The function of ultra-large von Willebrand factor multimers in high shear flow controlled by ADAMTS13.

The paradigm that platelet aggregation, which contributes to bleeding arrest and also to thrombovascular disorders, initiates after signaling-induced platelet activation has been refuted in past recent years. Platelets can form aggregates independently of activation when soluble von Willebrand factor (VWF) is present and the shear rate exceeds a certain threshold where active A1 domains become exposed in soluble VWF multimers and can bind to platelet glycoprotein Ib. Subsequently - fostering each other - VWF can self-assemble into large nets combining with platelets into large conglomerates, which are entirely reversible when they enter a flow region with shear rates below the threshold. In addition the threshold changes from approximately 20 000 s⁻¹ in wall parallel flow to approximately 10 000 s⁻¹ in stagnation point flow.
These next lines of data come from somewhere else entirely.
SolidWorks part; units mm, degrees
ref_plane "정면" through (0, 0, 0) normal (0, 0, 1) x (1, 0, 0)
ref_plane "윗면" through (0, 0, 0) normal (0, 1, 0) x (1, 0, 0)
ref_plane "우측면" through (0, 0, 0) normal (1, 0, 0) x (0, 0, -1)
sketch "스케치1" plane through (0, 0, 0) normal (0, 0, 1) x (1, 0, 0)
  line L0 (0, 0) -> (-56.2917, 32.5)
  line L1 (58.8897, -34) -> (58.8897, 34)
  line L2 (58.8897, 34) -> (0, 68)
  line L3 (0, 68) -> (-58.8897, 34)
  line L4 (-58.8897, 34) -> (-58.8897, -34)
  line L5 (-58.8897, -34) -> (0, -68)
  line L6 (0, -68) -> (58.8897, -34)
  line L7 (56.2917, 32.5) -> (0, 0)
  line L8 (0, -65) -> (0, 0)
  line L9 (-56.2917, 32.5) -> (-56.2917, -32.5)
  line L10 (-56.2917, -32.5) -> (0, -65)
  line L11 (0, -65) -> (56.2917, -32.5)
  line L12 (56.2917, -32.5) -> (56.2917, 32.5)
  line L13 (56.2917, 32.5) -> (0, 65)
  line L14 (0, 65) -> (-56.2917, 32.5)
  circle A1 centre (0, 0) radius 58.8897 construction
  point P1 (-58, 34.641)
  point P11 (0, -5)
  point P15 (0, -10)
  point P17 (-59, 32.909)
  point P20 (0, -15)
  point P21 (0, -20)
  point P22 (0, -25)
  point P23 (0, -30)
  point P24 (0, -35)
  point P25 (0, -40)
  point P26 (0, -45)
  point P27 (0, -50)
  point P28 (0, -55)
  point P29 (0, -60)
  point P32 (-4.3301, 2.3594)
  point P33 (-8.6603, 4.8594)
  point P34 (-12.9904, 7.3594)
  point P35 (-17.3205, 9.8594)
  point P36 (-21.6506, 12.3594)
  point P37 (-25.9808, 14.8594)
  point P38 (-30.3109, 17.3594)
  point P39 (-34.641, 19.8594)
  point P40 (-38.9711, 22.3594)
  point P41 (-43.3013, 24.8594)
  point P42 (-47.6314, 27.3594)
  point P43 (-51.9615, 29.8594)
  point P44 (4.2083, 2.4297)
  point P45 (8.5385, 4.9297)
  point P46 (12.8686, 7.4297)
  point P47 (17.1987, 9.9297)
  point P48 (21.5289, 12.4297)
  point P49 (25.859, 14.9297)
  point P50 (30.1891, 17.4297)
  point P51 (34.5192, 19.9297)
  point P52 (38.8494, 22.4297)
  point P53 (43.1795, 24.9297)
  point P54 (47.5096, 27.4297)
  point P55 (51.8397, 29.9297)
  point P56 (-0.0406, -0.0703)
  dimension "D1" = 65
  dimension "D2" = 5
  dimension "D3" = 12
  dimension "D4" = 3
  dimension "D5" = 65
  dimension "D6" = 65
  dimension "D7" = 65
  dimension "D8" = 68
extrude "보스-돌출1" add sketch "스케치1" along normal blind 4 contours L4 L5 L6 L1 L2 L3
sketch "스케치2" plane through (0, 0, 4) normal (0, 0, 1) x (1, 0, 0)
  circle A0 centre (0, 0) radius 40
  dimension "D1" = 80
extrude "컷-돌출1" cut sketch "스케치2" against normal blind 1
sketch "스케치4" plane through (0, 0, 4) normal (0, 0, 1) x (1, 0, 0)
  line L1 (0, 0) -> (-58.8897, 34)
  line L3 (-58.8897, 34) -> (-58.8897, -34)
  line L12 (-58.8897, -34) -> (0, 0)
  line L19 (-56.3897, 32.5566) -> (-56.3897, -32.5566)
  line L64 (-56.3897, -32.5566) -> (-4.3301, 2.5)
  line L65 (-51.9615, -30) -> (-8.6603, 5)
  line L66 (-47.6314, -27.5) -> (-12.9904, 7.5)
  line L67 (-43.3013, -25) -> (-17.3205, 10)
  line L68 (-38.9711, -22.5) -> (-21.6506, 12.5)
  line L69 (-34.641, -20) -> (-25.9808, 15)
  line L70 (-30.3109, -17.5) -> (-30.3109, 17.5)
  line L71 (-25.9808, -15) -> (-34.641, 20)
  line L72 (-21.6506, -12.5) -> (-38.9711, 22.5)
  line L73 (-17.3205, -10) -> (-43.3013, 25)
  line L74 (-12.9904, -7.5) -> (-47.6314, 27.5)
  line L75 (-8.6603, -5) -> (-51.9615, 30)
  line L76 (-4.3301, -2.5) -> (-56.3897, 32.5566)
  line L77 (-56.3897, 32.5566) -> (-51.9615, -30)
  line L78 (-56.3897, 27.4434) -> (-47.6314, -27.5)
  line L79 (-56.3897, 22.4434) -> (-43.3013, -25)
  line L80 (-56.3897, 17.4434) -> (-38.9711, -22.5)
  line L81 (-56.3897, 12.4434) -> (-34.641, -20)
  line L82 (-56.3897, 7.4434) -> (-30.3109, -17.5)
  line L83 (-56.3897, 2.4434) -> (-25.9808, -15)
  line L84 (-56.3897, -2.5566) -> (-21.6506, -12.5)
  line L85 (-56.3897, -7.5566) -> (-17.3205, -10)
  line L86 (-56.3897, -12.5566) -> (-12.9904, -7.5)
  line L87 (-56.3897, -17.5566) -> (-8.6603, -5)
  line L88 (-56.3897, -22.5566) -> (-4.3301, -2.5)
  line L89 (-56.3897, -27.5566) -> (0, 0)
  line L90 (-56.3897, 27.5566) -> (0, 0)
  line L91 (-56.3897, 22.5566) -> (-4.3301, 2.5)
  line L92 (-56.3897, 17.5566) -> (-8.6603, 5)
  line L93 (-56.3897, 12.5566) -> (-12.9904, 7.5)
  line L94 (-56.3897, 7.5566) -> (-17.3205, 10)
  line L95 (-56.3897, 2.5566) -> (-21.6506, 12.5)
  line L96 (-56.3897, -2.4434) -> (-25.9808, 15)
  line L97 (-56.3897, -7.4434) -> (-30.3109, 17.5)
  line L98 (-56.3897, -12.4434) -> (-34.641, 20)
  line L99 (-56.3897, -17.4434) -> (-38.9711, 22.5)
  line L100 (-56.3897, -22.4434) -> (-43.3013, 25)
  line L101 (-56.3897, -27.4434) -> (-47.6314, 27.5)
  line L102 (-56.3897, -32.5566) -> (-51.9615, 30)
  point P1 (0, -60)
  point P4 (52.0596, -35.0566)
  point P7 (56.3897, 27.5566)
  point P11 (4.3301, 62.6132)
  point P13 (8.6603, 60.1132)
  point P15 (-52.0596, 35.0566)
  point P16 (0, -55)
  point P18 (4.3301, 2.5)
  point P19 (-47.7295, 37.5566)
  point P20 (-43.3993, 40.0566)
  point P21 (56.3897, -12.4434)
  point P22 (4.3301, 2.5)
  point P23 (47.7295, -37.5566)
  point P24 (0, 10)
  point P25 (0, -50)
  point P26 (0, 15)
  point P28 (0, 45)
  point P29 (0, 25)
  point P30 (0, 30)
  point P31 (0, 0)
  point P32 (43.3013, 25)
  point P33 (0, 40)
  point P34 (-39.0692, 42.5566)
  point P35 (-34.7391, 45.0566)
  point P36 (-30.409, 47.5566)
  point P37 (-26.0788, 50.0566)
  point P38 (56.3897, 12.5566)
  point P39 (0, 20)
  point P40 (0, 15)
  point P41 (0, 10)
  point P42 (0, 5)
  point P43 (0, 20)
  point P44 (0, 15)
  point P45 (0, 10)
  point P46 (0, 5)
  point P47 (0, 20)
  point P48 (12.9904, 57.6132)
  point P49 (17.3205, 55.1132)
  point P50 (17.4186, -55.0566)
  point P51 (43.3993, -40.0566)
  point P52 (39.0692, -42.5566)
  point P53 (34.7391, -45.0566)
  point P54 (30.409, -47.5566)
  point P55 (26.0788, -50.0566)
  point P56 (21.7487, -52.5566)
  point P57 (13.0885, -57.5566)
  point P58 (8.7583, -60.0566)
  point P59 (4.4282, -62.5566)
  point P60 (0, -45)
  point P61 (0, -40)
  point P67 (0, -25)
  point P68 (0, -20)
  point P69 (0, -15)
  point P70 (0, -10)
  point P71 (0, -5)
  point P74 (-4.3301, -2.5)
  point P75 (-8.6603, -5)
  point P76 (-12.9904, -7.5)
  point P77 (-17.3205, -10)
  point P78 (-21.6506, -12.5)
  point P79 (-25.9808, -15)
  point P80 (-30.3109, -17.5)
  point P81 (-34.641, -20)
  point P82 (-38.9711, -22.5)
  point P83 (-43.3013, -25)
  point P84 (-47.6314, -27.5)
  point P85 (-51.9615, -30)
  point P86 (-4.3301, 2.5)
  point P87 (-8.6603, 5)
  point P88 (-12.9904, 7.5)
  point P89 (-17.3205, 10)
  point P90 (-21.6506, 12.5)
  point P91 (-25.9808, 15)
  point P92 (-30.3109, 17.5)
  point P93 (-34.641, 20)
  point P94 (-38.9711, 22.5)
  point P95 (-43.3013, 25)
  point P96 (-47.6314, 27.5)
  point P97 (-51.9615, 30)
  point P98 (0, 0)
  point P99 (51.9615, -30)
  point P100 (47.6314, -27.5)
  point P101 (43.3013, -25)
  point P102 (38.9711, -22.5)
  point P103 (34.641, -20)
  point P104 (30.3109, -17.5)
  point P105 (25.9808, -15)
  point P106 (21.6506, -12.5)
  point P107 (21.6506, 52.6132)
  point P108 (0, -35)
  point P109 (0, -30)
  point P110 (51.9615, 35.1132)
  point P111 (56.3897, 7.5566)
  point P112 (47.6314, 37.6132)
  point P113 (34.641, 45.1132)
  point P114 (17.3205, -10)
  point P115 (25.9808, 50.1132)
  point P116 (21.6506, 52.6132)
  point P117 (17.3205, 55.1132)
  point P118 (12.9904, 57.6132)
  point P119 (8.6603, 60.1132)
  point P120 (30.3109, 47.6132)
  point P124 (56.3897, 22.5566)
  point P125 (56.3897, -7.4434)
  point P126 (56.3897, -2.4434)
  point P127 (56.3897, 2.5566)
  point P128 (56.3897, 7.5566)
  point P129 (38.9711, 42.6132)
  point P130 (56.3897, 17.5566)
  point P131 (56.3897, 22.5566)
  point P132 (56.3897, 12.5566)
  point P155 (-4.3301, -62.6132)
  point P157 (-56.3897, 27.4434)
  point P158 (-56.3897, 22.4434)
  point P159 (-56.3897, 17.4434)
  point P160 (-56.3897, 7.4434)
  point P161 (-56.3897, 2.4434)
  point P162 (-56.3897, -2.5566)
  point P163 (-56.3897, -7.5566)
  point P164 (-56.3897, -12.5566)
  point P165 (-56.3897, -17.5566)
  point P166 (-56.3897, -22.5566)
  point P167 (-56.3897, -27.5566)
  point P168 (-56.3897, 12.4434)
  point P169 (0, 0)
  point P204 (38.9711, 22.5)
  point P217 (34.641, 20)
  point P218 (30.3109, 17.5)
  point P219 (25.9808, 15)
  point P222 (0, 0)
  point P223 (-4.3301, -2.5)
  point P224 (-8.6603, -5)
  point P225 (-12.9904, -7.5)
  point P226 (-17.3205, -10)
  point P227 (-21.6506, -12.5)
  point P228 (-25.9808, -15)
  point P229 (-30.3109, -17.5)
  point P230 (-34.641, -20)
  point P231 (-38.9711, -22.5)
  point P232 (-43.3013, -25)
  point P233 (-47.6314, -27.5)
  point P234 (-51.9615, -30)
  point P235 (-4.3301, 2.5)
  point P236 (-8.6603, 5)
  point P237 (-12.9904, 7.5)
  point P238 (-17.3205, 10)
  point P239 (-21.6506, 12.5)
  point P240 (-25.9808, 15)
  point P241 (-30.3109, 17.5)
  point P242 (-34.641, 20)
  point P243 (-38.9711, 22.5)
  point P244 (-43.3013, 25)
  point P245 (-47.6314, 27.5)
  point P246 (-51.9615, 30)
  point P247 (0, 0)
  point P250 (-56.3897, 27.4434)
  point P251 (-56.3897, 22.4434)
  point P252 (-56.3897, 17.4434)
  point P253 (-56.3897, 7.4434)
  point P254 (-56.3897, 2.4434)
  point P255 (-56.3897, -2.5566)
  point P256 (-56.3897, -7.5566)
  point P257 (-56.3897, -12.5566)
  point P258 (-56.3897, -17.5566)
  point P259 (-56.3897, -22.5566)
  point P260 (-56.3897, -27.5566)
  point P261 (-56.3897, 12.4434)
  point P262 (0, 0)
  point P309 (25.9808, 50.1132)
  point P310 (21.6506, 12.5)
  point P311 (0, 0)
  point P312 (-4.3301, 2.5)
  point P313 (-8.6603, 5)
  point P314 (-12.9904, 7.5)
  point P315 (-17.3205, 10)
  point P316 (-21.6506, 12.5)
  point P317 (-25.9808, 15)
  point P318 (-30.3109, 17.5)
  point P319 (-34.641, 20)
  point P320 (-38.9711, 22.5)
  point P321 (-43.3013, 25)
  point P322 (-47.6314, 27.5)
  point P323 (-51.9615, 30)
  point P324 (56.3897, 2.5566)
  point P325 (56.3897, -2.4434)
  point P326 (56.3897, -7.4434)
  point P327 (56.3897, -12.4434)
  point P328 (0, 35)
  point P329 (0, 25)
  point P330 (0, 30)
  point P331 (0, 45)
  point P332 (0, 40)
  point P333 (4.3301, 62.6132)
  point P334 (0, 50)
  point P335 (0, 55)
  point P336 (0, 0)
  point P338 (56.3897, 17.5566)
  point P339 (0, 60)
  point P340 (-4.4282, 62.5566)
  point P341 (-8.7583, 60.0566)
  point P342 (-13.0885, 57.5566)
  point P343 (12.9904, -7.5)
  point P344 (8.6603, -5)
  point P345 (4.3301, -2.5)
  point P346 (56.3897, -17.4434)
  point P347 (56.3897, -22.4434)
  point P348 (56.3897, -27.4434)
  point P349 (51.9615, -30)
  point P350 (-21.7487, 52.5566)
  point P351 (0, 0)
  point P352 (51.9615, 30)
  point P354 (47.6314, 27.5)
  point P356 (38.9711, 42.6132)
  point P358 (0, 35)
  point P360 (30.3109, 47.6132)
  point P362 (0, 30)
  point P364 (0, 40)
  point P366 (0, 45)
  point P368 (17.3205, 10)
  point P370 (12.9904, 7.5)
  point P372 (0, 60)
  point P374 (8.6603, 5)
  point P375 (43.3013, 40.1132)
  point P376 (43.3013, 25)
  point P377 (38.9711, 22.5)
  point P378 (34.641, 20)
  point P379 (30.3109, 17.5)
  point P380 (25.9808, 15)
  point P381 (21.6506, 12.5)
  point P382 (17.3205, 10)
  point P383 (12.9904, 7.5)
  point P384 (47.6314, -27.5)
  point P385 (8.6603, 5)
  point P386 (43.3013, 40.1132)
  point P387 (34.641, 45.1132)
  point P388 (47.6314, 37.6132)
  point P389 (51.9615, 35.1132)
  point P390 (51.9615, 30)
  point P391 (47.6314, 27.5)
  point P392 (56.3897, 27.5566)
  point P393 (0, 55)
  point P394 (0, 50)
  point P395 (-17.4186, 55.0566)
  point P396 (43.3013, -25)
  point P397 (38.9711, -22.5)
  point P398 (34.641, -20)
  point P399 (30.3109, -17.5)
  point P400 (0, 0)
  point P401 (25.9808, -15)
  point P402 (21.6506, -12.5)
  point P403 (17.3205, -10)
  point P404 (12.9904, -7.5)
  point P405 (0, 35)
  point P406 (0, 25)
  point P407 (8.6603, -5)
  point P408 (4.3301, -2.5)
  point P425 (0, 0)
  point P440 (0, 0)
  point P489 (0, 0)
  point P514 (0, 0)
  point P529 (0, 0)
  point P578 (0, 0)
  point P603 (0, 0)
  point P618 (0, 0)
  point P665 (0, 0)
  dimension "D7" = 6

VWF containing ultra-large multimers - as when just released from endothelial storage sites - has been shown to have the highest binding potential to platelets and to each other, thus facilitating rapid platelet accrual to sites of vessel injury and exposed subendothelial structures, i.e. collagen. The VWF nets as well as the platelet-VWF conglomerates are controlled by the cleaving protease ADAMTS13 within minutes under high shear flow. Therewith the hemostatic potential is delivered where needed and the thrombogenic potential is highly controlled twofold: by flow and enzymatic proteolytic cleavage.